Mt Barney National Park, S.E. Queensland, Australia.
Loss
What will you say tonight
When the frost bites at the window?
What will you write in the place where I am writing?
What will you say, when love is waiting,
Lost in the dark?
Shall we go on, today, tomorrow?
Will there be an end of sorrow
And the endless waiting?
Terry Dartnall
This poem was written by my husband Terry, decades before his own death. Like many of his poems it was prophetic and could have been written to describe our own predicament at the end of his life. What will you write in the place where I am writing? he asks. Well, Terry, I wrote a darned lot! Poems, letters, and a book that became a long love letter to you: ‘A Wind from the East.’
The writing in question began before Terry died, when I was dealing with the imminent loss of him as he lay dying of pancreatic cancer with complications after an operation. I was in a state of grief and loss through the six months of his dying, but I found solace in writing to him. He never read my letters because they were, in a sense, letters to myself. They helped me to express thoughts and feelings that were too intense and personal to share with him in his weakened state. However, I was able to read him my poetry. He appreciated the poems I wrote in the long hours at his bedside. They helped me express intense feelings while keeping me focussed and calm. It sounds like a contradiction, but I found that once my emotions had been expressed on the page, I then needed to edit them into a respectable poetic form. It was a meaningful process and it kept me quietly focussed.
Terry also asks, Will there be an end of sorrow / And the endless waiting? There were times when my grief became unbearable and I wondered how much of it I could withstand. After his death, I yearned to see him. I missed him every moment of every day. As the weeks passed into months, the sorrow went on and on and on. I lived my days feeling the loss of him, but I also talked to friends and family about our collective feelings of loss, as well as our good memories of Terry. One day I drove out into the kind of country you see in the photograph above, which is in the Mt Barney National Park, in South-East Queensland. As soon as I saw the familiar open country and distant mountains I felt the loss of him. We had hiked and climbed the mountains together for almost twenty years. I cried as I drove, wondering if I would ever see the world complete again. The absence of him was everywhere.

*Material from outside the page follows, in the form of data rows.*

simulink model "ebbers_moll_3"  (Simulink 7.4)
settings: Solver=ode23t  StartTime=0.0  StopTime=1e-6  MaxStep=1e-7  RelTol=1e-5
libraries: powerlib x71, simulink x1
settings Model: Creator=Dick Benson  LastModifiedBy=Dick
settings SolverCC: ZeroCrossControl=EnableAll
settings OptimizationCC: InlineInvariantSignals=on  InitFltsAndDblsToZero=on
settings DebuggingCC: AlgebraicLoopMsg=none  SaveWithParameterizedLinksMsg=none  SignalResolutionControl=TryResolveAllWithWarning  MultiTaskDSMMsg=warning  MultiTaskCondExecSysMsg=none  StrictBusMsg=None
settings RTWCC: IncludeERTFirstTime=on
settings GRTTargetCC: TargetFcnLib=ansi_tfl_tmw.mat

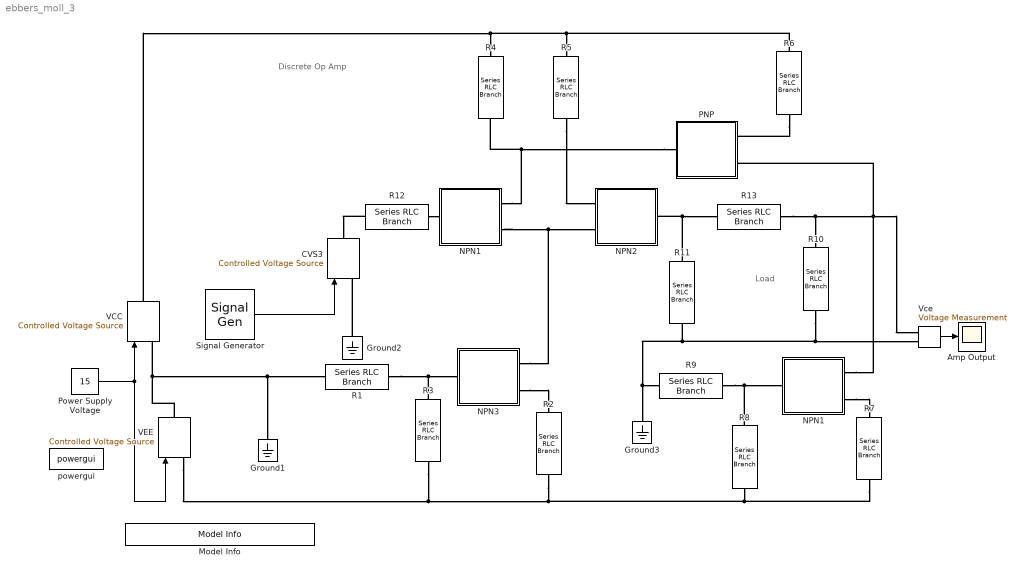
== system ebbers_moll_3 ==
  note: Discrete Op Amp
  note: Load
  " Power Supply Voltage" : Constant  Value=15  OutDataType=sfix(16)  OutScaling=2^0
  Amp Output : Scope
      settings: TimeRange=1e-006  YMin=-1.86228  YMax=1.74251  MaxDataPoints=50000
  CVS3 : powerlib/Electrical Sources/Controlled Voltage Source  DialogController=POWERSYS.PowerSysDialog  SystemSampleTime=-1  Initialize=on  Source_Type=AC  Amplitude=0  Phase=0  Frequency=0  Measurements=None
  Ground1 : powerlib/Elements/Ground  DialogController=POWERSYS.PowerSysDialog  PhysicalDomain=powersysdomain  SubClassName=unknown  LeftPortType=p1  RightPortType=p1  LConnTagsString=a
  Ground2 : powerlib/Elements/Ground  DialogController=POWERSYS.PowerSysDialog  PhysicalDomain=powersysdomain  SubClassName=unknown  LeftPortType=p1  RightPortType=p1  LConnTagsString=a
  Ground3 : powerlib/Elements/Ground  DialogController=POWERSYS.PowerSysDialog  PhysicalDomain=powersysdomain  SubClassName=unknown  LeftPortType=p1  RightPortType=p1  LConnTagsString=a
  Model Info : simulink/Model-Wide Utilities/Model Info  SystemSampleTime=-1  InitialBlockCM=None  BlockCM=None  Frame=on  DisplayStringWithTags=Copywrite 2005-2010 The MathWorks, Inc.  HorizontalTextAlignment=Center  LeftAlignmentValue=0.5  SourceBlockDiagram=ebbers_moll_3  TagMaxNumber=20
  NPN1 : Subsystem  mask{Beta=100, IEs=1e-10;, ICs=1e-10;, Ro=1e5, Cbc=5e-12, Cbe=50e-12, Rbb=100}
      mask init:
      | k = 1.38e-23;
      | q = 1.6e-19;
      | T = 290;
      | Vt = k*T/q;
  "NPN1 " : Subsystem  mask{Beta=40, IEs=1e-10;, ICs=1e-10;, Ro=1e5, Cbc=5e-12, Cbe=50e-12, Rbb=100}
      mask init:
      | k = 1.38e-23;
      | q = 1.6e-19;
      | T = 290;
      | Vt = k*T/q;
  NPN2 : Subsystem  mask{Beta=40, IEs=1e-10;, ICs=1e-10;, Ro=1e5, Cbc=5e-12, Cbe=50e-12, Rbb=100}
      mask init:
      | k = 1.38e-23;
      | q = 1.6e-19;
      | T = 290;
      | Vt = k*T/q;
  NPN3 : Subsystem  mask{Beta=100, IEs=1e-10;, ICs=1e-10;, Ro=1e5, Cbc=5e-12, Cbe=50e-12, Rbb=100}
      mask init:
      | k = 1.38e-23;
      | q = 1.6e-19;
      | T = 290;
      | Vt = k*T/q;
  PNP : Subsystem  mask{Beta=100, IEs=1e-8;, ICs=1e-8;, Ro=1e5, Cbc=5e-12, Cbe=50e-12, Rbb=100}
      mask init:
      | k = 1.38e-23;
      | q = 1.6e-19;
      | T = 290;
      | Vt = k*T/q;
  R{1,3,8..9} (4 alike) : powerlib/Elements/Series RLC Branch  DialogController=POWERSYS.PowerSysDialog  PhysicalDomain=powersysdomain  SubClassName=unknown  LeftPortType=p1  RightPortType=p1  LConnTagsString=__new0  RConnTagsString=__new0  BranchType=R  Resistance=1000  Inductance=1.0  SetiL0=off  InitialCurrent=0  Capacitance=1.0  Setx0=off  InitialVoltage=0  Measurements=None
  R10 : powerlib/Elements/Series RLC Branch  DialogController=POWERSYS.PowerSysDialog  PhysicalDomain=powersysdomain  SubClassName=unknown  LeftPortType=p1  RightPortType=p1  LConnTagsString=__new0  RConnTagsString=__new0  BranchType=R  Resistance=50  Inductance=1.0  SetiL0=off  InitialCurrent=0  Capacitance=1.0  Setx0=off  InitialVoltage=0  Measurements=None
  R11 : powerlib/Elements/Series RLC Branch  DialogController=POWERSYS.PowerSysDialog  PhysicalDomain=powersysdomain  SubClassName=unknown  LeftPortType=p1  RightPortType=p1  LConnTagsString=__new0  RConnTagsString=__new0  BranchType=R  Resistance=250  Inductance=1.0  SetiL0=off  InitialCurrent=0  Capacitance=1.0  Setx0=off  InitialVoltage=0  Measurements=None
  R12 : powerlib/Elements/Series RLC Branch  DialogController=POWERSYS.PowerSysDialog  PhysicalDomain=powersysdomain  SubClassName=unknown  LeftPortType=p1  RightPortType=p1  LConnTagsString=__new0  RConnTagsString=__new0  BranchType=R  Resistance=200  Inductance=1.0  SetiL0=off  InitialCurrent=0  Capacitance=1.0  Setx0=off  InitialVoltage=0  Measurements=None
  R13 : powerlib/Elements/Series RLC Branch  DialogController=POWERSYS.PowerSysDialog  PhysicalDomain=powersysdomain  SubClassName=unknown  LeftPortType=p1  RightPortType=p1  LConnTagsString=__new0  RConnTagsString=__new0  BranchType=R  Resistance=1200  Inductance=1.0  SetiL0=off  InitialCurrent=0  Capacitance=1.0  Setx0=off  InitialVoltage=0  Measurements=None
  R2 : powerlib/Elements/Series RLC Branch  DialogController=POWERSYS.PowerSysDialog  PhysicalDomain=powersysdomain  SubClassName=unknown  LeftPortType=p1  RightPortType=p1  LConnTagsString=__new0  RConnTagsString=__new0  BranchType=R  Resistance=330  Inductance=1.0  SetiL0=off  InitialCurrent=0  Capacitance=1.0  Setx0=off  InitialVoltage=0  Measurements=None
  R4 : powerlib/Elements/Series RLC Branch  DialogController=POWERSYS.PowerSysDialog  PhysicalDomain=powersysdomain  SubClassName=unknown  LeftPortType=p1  RightPortType=p1  LConnTagsString=__new0  RConnTagsString=__new0  BranchType=R  Resistance=200  Inductance=1.0  SetiL0=off  InitialCurrent=0  Capacitance=1.0  Setx0=off  InitialVoltage=0  Measurements=None
  R5 : powerlib/Elements/Series RLC Branch  DialogController=POWERSYS.PowerSysDialog  PhysicalDomain=powersysdomain  SubClassName=unknown  LeftPortType=p1  RightPortType=p1  LConnTagsString=__new0  RConnTagsString=__new0  BranchType=R  Resistance=200  Inductance=1.0  SetiL0=off  InitialCurrent=0  Capacitance=1.0  Setx0=off  InitialVoltage=0  Measurements=None
  R6 : powerlib/Elements/Series RLC Branch  DialogController=POWERSYS.PowerSysDialog  PhysicalDomain=powersysdomain  SubClassName=unknown  LeftPortType=p1  RightPortType=p1  LConnTagsString=__new0  RConnTagsString=__new0  BranchType=R  Resistance=10  Inductance=1.0  SetiL0=off  InitialCurrent=0  Capacitance=1.0  Setx0=off  InitialVoltage=0  Measurements=None
  R7 : powerlib/Elements/Series RLC Branch  DialogController=POWERSYS.PowerSysDialog  PhysicalDomain=powersysdomain  SubClassName=unknown  LeftPortType=p1  RightPortType=p1  LConnTagsString=__new0  RConnTagsString=__new0  BranchType=R  Resistance=50.35  Inductance=1.0  SetiL0=off  InitialCurrent=0  Capacitance=1.0  Setx0=off  InitialVoltage=0  Measurements=None
  Signal Generator : SignalGenerator  WaveForm=square  Amplitude=.2  Frequency=1e6
  VCC : powerlib/Electrical Sources/Controlled Voltage Source  DialogController=POWERSYS.PowerSysDialog  SystemSampleTime=-1  Initialize=on  Source_Type=DC  Amplitude=0  Phase=0  Frequency=0  Measurements=None
  VEE : powerlib/Electrical Sources/Controlled Voltage Source  DialogController=POWERSYS.PowerSysDialog  SystemSampleTime=-1  Initialize=on  Source_Type=DC  Amplitude=0  Phase=0  Frequency=0  Measurements=None
  "Vce " : powerlib/Measurements/Voltage Measurement  DialogController=POWERSYS.PowerSysDialog  SystemSampleTime=-1  PhasorSimulation=off  OutputType=Complex  PSBequivalent=0
  powergui : powerlib/powergui  SystemSampleTime=-1  SimulationMode=Continuous  SampleTime=0  frequency=60  SPID=off  DisableSnubberDevices=off  DisableRonSwitches=off  DisableVfSwitches=off  SwTol=0  Interpol=off  frequencyindice=0  echomessages=off  HookPort=off  DisplayEquations=off  FunctionMessages=off  EnableUseOfTLC=off  x0status=blocks  RestoreLinks=warning  Frange=[0:2:500]  Ylog=off  Xlog=on  ShowGrid=off  save=off  variable=ZData  ZoomFFT=on  StartTime=0.0  cycles=1  DisplayStyle=1  fundamental=60  FreqAxis=off  MaxFrequency=1000  frequencyindicesteady=1  RmsSteady=1  display=off  Ts=0  methode=off
  wires:
  "Vce "/1 -> Amp Output/1
  " Power Supply Voltage"/1 -> VCC/1, VEE/1
  Signal Generator/1 -> CVS3/1
  connections:
  VEE/LConn1 -- R7/RConn1 -- R8/RConn1 -- R2/RConn1 -- R3/RConn1
  NPN3/RConn2 -- R2/LConn1
  R3/LConn1 -- NPN3/LConn1 -- R1/RConn1
  "NPN1 "/RConn2 -- NPN2/RConn2 -- NPN3/RConn1
  PNP/LConn1 -- "NPN1 "/RConn1 -- R4/RConn1
  R5/RConn1 -- NPN2/RConn1
  R6/LConn1 -- VCC/RConn1 -- R4/LConn1 -- R5/LConn1
  VEE/RConn1 -- VCC/LConn1 -- R1/LConn1 -- Ground1/LConn1
  Ground2/LConn1 -- CVS3/LConn1
  R6/RConn1 -- PNP/RConn1
  R11/RConn1 -- R10/RConn1 -- "Vce "/LConn2 -- Ground3/LConn1 -- R9/LConn1
  NPN1/RConn2 -- R7/LConn1
  R8/LConn1 -- NPN1/LConn1 -- R9/RConn1
  R11/LConn1 -- NPN2/LConn1 -- R13/LConn1
  R12/LConn1 -- "NPN1 "/LConn1
  R12/RConn1 -- CVS3/RConn1
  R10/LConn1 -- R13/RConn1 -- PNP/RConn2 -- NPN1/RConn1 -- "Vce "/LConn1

There was eventually an end to my deep sorrow, but I had allowed myself to feel it for as long as I needed to. It felt natural. I didn’t try to mask it, or push it away. I allowed its natural course, which may have been different in nature to other people’s ways of feeling sorrow and grief. I didn’t worry about it. Everyone’s different.
I have a dear friend who lost her husband to cancer two years ago. She is still in grief and sometimes berates herself, saying she should ‘get on with her life.’ In many ways she is getting on with her life magnificently, and in others she is slow because her heart is still heavy with the loss of her wonderful man. I tell her there is no ‘right time’ to get over such a huge loss. Every single one of us is different. I encourage her to be kind to herself and know that there is no right or wrong way to grieve.
Sometimes well-meaning friends and family are fearful of grief, thinking that a person should get over their loss within a set time frame, or they’ll become depressed forever. But there is no set time for grief, no recipe. We’re not lumps of bread baking in an oven. There are too many variables with human beings and human experiences. If you feel you’re using up the grief-tolerance levels of your friends, there are plenty of helpful people to talk to. Don’t try to cope with feelings of overwhelm by yourself. Reach out. In Australia there is Beyond Blue. They talk about grief and loss on http://www.beyondblue.org.au. There are many online sites and Facebook groups on this subject. At http://www.helpguide.org there is an article ‘Coping with Grief & Loss’ and they give helpful tips for coping. Your local palliative care hospice will have counsellors who understand your pain. In Brisbane we are fortunate to have Karuna. You’ll find them at http://www.karuna.org.au.
Writing your thoughts and feelings can help. Regular meditation will keep you centred and calm, and so will time in nature, listening to your best-loved music, cuddling your much-loved pet, or grandchild, or working in the garden, or cooking, or decorating, or sleeping… we’re all different. Be your own best friend and give yourself pleasurable moments every day. It is not taboo to laugh when you’re in a state of mourning. Laughter is good and refreshing. Try to give yourself something to look forward to. It might seem hollow for a while, but keep going because one day, years from now, you could find yourself looking at a photo of you and your loved one and feeling deep appreciation for the experience of your time together. It was your time as a couple. That’s a form of happiness.
Terry & Wendy Dartnall on top of Mt Maroon, S.E. Queensland, 2005.